My horse has to wear a muzzle in the field, one of those Greenguard ones that has to be attached to a headcollar. I would NEVER put it on a nylon one because, as MFH says, nylon is not designed to break and the horse's neck would break first in most cases. My horse has a cheapie leather headcollar.
I tried using the Aerborn field headcollar with the rubber rings in but my pony, who was difficult to catch (hence the headcollar in field), kept breaking it off! She then learnt she could pull away when I had caught her and break loose before I got her leading headcollar on her so that was a wasted effort! You can now buy headcollars with the throat catch that attaches to one of two rings - they have a velcro one (attach clip to this one whilst horse is in field, headcollar then becomes "field safe") and a normal one (attach clip to this whilst leading). That way, if your horse is head-shy, you don't have to change headcollars to lead it back in. I think it was Cottage Craft who made them.
As for the rubbing, my horse rubs easily when she has her muzzle and headcollar on and I just bought some cheapie fluffy material and made some "tubes" to go over her headpiece and noseband etc.


----------



## Box_Of_Frogs (28 July 2008)

I'd swear by Aerborn simply because they do break apart so easily. Horses can kill themselves in headcollars that don't break - I have personal experience of a truly tragic case.


----------



## kerilli (28 July 2008)

i have one filly who is exactly the same as yours, and i break my "no headcollars in the field" rule for her. she's turned out in a very old and worn nylon headcollar, very soft, very weak (i know it would break in a trice). last time i took it off i managed to get her in with the other horses, and it took me 20 mins to catch her in the stable! she's had it on all year and it hasn't rubbed at all.


----------



## CrazyMare (28 July 2008)

Some horses learn to take them off too btw...My mare wears a very very old nylon one. She can take off leathers ones beacuse they are more supple, she can break fieldsafe ones etc.

I cover hers in soft fleece - cost me £2.99 per metre at the market.
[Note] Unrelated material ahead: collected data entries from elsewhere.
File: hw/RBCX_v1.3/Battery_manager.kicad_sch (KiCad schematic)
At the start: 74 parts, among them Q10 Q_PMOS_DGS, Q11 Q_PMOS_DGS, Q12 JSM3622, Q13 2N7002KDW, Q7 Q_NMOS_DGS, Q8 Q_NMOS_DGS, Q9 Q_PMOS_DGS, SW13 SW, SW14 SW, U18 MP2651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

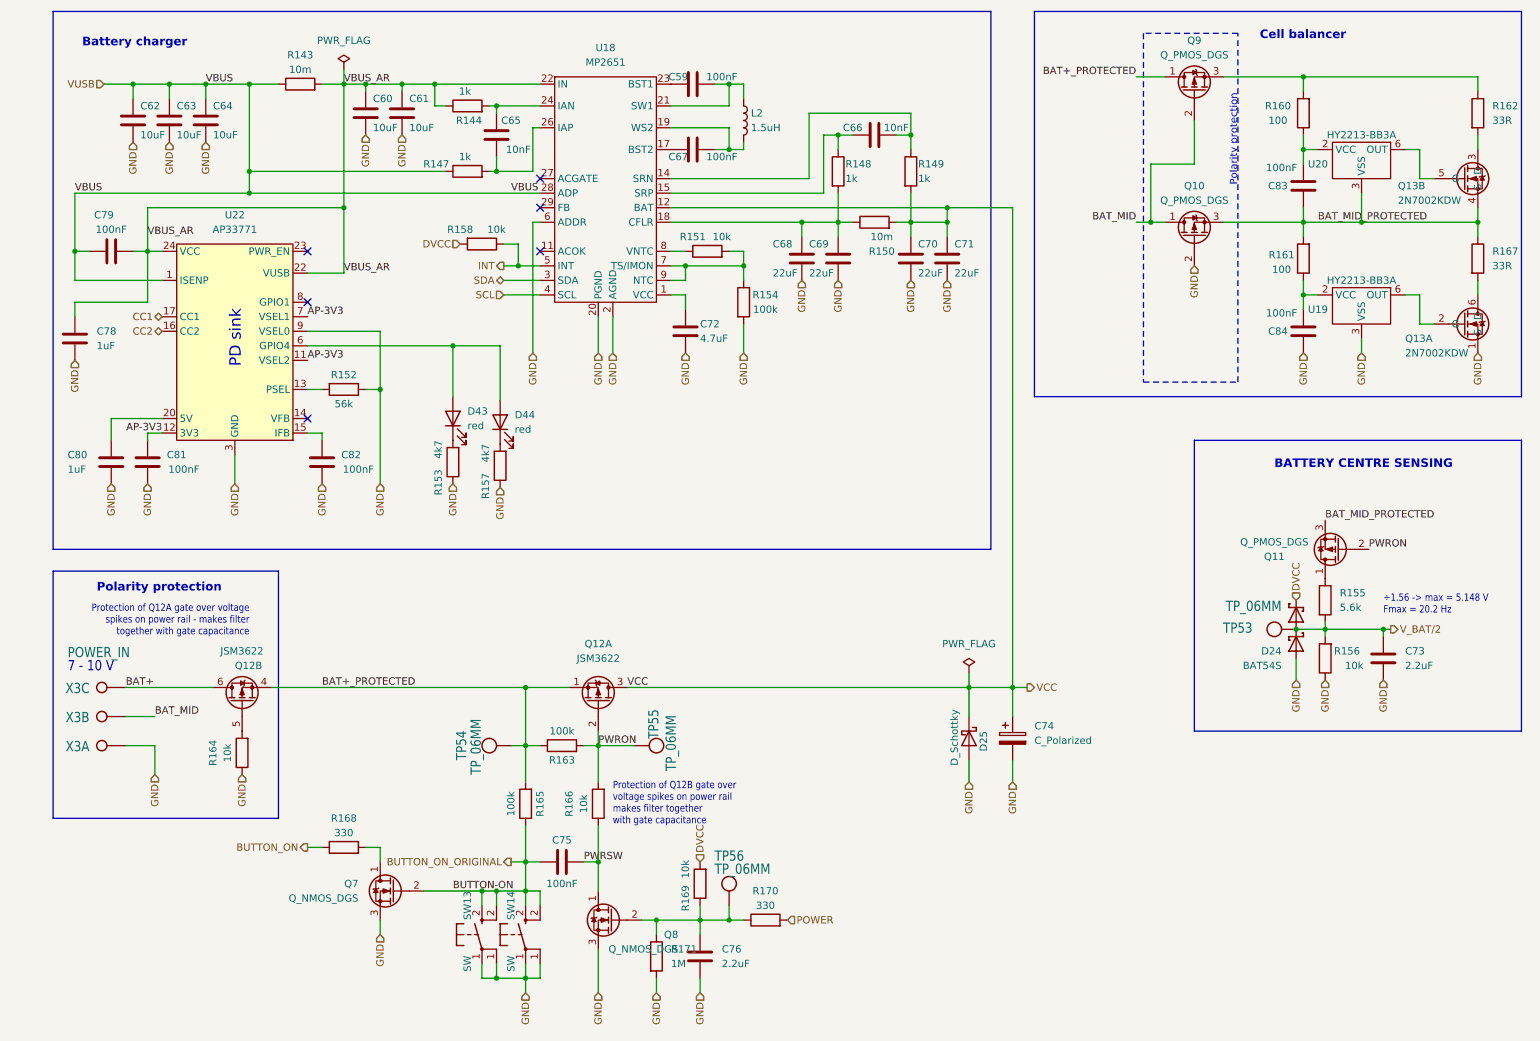
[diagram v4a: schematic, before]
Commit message: Kuba issues
Change of power transistor from JSM3622 to JMSL0302AU

NTC connectors

Moving the Cell balancer behind the switch

and some little things
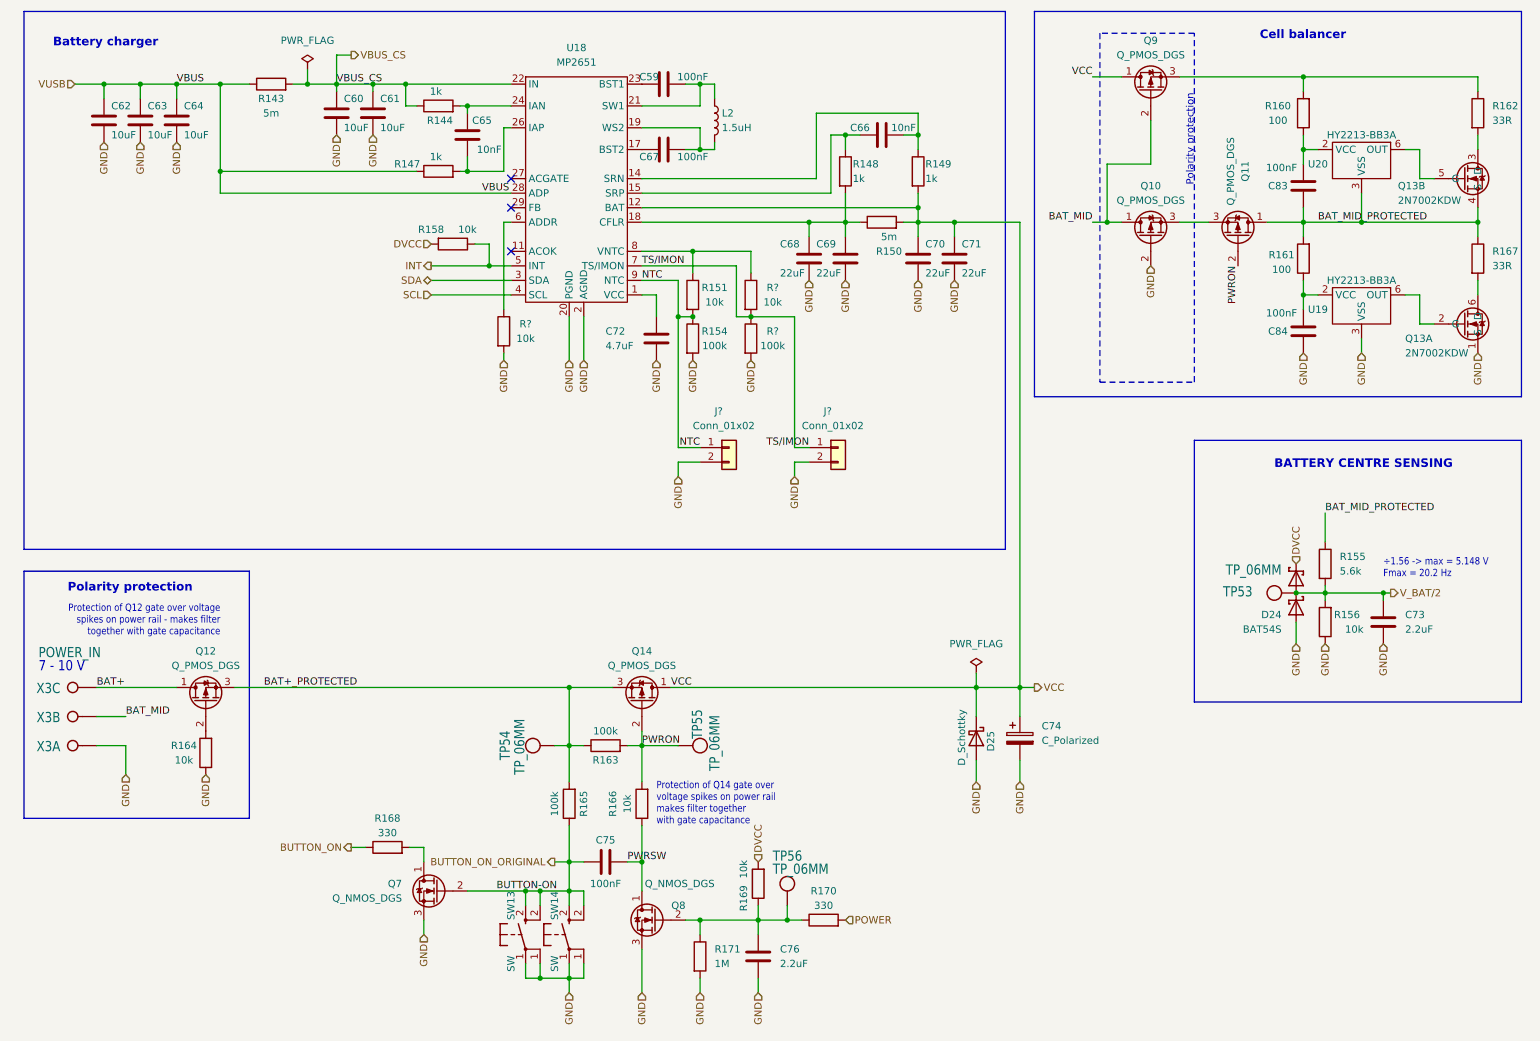
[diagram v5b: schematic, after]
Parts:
- removed C78, C80: 1uF, Resistor_SMD:R_0402_1005Metric, symbol Device:C
- removed C79, C81, C82: 100nF, Capacitor_SMD:C_0402_1005Metric, symbol Device:C
- removed D43, D44: red, LED_SMD:LED_0603_1608Metric, symbol Device:LED
- removed Q12: JSM3622, RBCX:JSM3622, symbol RBCX:JSM3622
- removed R152: 56k, Capacitor_SMD:C_0402_1005Metric, symbol Device:R
- removed R153, R157: 4k7, Resistor_SMD:R_0201_0603Metric, symbol Device:R
- removed U22: AP33771, Package_DFN_QFN:QFN-24-1EP_4x4mm_P0.5mm_EP2.6x2.6mm, symbol RBCX:AP33771
- added J? (x2): Conn_01x02, Connector_PinSocket_2.54mm:PinSocket_1x02_P2.54mm_Vertical, symbol Connector_Generic:Conn_01x02
- added Q12, Q14: Q_PMOS_DGS, RBCX:JMSL0302AU, symbol Device:Q_PMOS_DGS
- added R?: 100k, Capacitor_SMD:C_0201_0603Metric, symbol Device:R
- added R? (x2): 10k, Capacitor_SMD:C_0201_0603Metric, symbol Device:R
- R143, R150: value 10m -> 5m; LCSC C728271 -> C728267
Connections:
- net BAT+: now also Q12.1 (D)
- net BAT+_PROTECTED: now also Q12.3 (S), Q14.3 (S); no longer Q9.1 (D)
- net BAT_MID_PROTECTED: now also Q11.1 (D), R155.1; no longer Q10.3 (S), Q11.3 (S)
- net GND: now also J?.2 (Pin_2), J?.2 (Pin_2), R?.2, R?.2; no longer U18.6 (ADDR)
- net PWRON: now also Q14.2 (G)
- net VCC: now also Q9.1 (D), Q14.1 (D)
- net NTC: now reaches R151.2, R154.1, U18.10 (NTC), U18.9 (NTC)
- net NTC: now also J?.1 (Pin_1); no longer U18.7 (TS/IMON)
- net at R151.1, U18.8 (VNTC): now also R?.1
- net at R164.2: now also Q12.2 (G)
- net VBUS_AR renamed VBUS_CS
- new net: R?.1, U18.6 (ADDR)
- new net: Q10.3 (S), Q11.3 (S)
- new net TS/IMON: J?.1 (Pin_1), R?.1, R?.2, U18.7 (TS/IMON)
- no-connect marks 6 -> 3
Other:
- note added: "Protection of Q12 gate over voltage spikes on power rail - makes filter together with gate capacitance"
- note added: "Protection of Q14 gate over voltage spikes on power rail makes filter together with gate capacitance"
- note removed: "PD sink"
- note removed: "Protection of Q12A gate over voltage spikes on power rail - makes filter together with gate capacitance"
- note removed: "Protection of Q12B gate over voltage spikes on power rail makes filter together with gate capacitance"
- moved on the sheet: C59, C60, C61, C62, C63, C64, C65, C66, C67, C68, C69, C70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

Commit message: Kuba issues - PCB
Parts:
- gave numbers to parts that had none: 5
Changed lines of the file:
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@@
   (symbol (lib_id "Connector_Generic:Conn_01x02") (at 140.97 93.98 0) (unit 1)
     (in_bom yes) (on_board yes)
-    (property "Reference" "J?" (id 0) (at 138.43 87.63 0)
+    (property "Reference" "J51" (id 0) (at 138.43 87.63 0)
       (effects (font (size 1.27 1.27)) (justify left))
     )
@@
   (symbol (lib_id "Device:R") (at 144.78 74.93 0) (unit 1)
     (in_bom yes) (on_board yes)
-    (property "Reference" "R?" (id 0) (at 148.59 73.66 0))
+    (property "Reference" "R157" (id 0) (at 148.59 73.66 0))
     (property "Value" "100k" (id 1) (at 148.59 76.2 0))
     (property "Footprint" "Capacitor_SMD:C_0201_0603Metric" (id 2) (at 143.002 74.93 90)
@@
   (symbol (lib_id "Device:R") (at 101.6 73.66 0) (unit 1)
     (in_bom yes) (on_board yes)
-    (property "Reference" "R?" (id 0) (at 105.41 72.39 0))
+    (property "Reference" "R153" (id 0) (at 105.41 72.39 0))
     (property "Value" "10k" (id 1) (at 105.41 74.93 0))
     (property "Footprint" "Capacitor_SMD:C_0201_0603Metric" (id 2) (at 99.822 73.66 90)
@@
   (symbol (lib_id "Connector_Generic:Conn_01x02") (at 160.02 93.98 0) (unit 1)
     (in_bom yes) (on_board yes)
-    (property "Reference" "J?" (id 0) (at 157.48 87.63 0)
+    (property "Reference" "J52" (id 0) (at 157.48 87.63 0)
       (effects (font (size 1.27 1.27)) (justify left))
     )
@@
   (symbol (lib_id "Device:R") (at 144.78 67.31 0) (unit 1)
     (in_bom yes) (on_board yes)
-    (property "Reference" "R?" (id 0) (at 148.59 66.04 0))
+    (property "Reference" "R152" (id 0) (at 148.59 66.04 0))
     (property "Value" "10k" (id 1) (at 148.59 68.58 0))
     (property "Footprint" "Capacitor_SMD:C_0201_0603Metric" (id 2) (at 143.002 67.31 90)

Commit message: Few small things
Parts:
- J51, J52: footprint Connector_PinSocket_2.54mm:PinSocket_1x02_P2.54mm_Vertical -> RBCX:PinHeader_1x02_P2.54mm_Vertical
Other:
- moved on the sheet: J52
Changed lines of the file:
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@@
     (stroke (width 0) (type default) (color 0 0 0 0))
   )
-  (wire (pts (xy 152.4 96.52) (xy 154.94 96.52))
+  (wire (pts (xy 152.4 96.52) (xy 161.29 96.52))
     (stroke (width 0) (type default) (color 0 0 0 0))
   )
@@
     (stroke (width 0) (type default) (color 0 0 0 0))
   )
-  (wire (pts (xy 154.94 93.98) (xy 152.4 93.98))
+  (wire (pts (xy 161.29 93.98) (xy 152.4 93.98))
     (stroke (width 0) (type default) (color 0 0 0 0))
   )
@@
     (effects (font (size 1.27 1.27)) (justify right bottom))
   )
-  (label "TS{slash}IMON" (at 154.94 93.98 180)
+  (label "TS{slash}IMON" (at 161.29 93.98 180)
     (effects (font (size 1.27 1.27)) (justify right bottom))
   )
@@
       (effects (font (size 1.27 1.27)) (justify left))
     )
-    (property "Footprint" "Connector_PinSocket_2.54mm:PinSocket_1x02_P2.54mm_Vertical" (id 2) (at 140.97 93.98 0)
+    (property "Footprint" "RBCX:PinHeader_1x02_P2.54mm_Vertical" (id 2) (at 140.97 93.98 0)
       (effects (font (size 1.27 1.27)) hide)
     )
@@
     (pin "2")
   )
-  (symbol (lib_id "Connector_Generic:Conn_01x02") (at 160.02 93.98 0) (unit 1)
-    (in_bom yes) (on_board yes)
-    (property "Reference" "J52" (id 0) (at 157.48 87.63 0)
-      (effects (font (size 1.27 1.27)) (justify left))
-    )
-    (property "Value" "Conn_01x02" (id 1) (at 153.67 90.17 0)
-      (effects (font (size 1.27 1.27)) (justify left))
-    )
-    (property "Footprint" "Connector_PinSocket_2.54mm:PinSocket_1x02_P2.54mm_Vertical" (id 2) (at 160.02 93.98 0)
-      (effects (font (size 1.27 1.27)) hide)
-    )
-    (property "Datasheet" "~" (id 3) (at 160.02 93.98 0)
-      (effects (font (size 1.27 1.27)) hide)
-    )
+  (symbol (lib_id "Connector_Generic:Conn_01x02") (at 166.37 93.98 0) (unit 1)
+    (in_bom yes) (on_board yes)
+    (property "Reference" "J52" (id 0) (at 163.83 87.63 0)
+      (effects (font (size 1.27 1.27)) (justify left))
+    )
+    (property "Value" "Conn_01x02" (id 1) (at 160.02 90.17 0)
+      (effects (font (size 1.27 1.27)) (justify left))
+    )
+    (property "Footprint" "RBCX:PinHeader_1x02_P2.54mm_Vertical" (id 2) (at 166.37 93.98 0)
+      (effects (font (size 1.27 1.27)) hide)
+    )
+    (property "Datasheet" "~" (id 3) (at 166.37 93.98 0)
+      (effects (font (size 1.27 1.27)) hide)
+    )

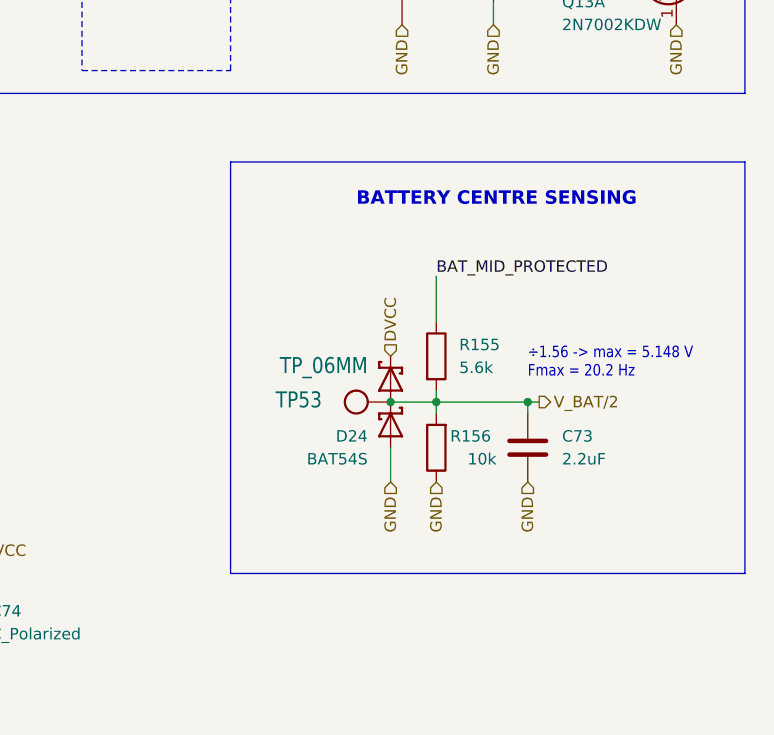
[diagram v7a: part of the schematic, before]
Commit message: USB-DET level shifter
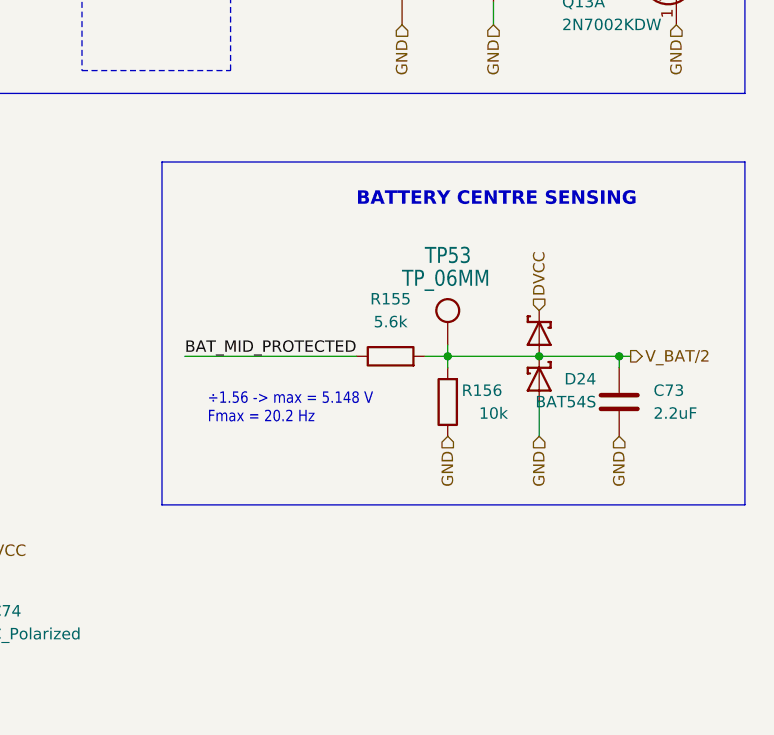
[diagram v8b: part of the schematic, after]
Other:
- moved on the sheet: C73, D24, R155, R156, TP53

I daren't turn her out without it. Last time it took me five days to catch her....


----------



## suzysparkle (29 July 2008)

A cheap leather one. The fieldsafe ones break with even a scratch against anther Horse. Leather brakes in an emergency. Buy one with a metal throatlash clip as the clips break easily as well. Mine broke an English leather one while tied to a loop of (new) string!


----------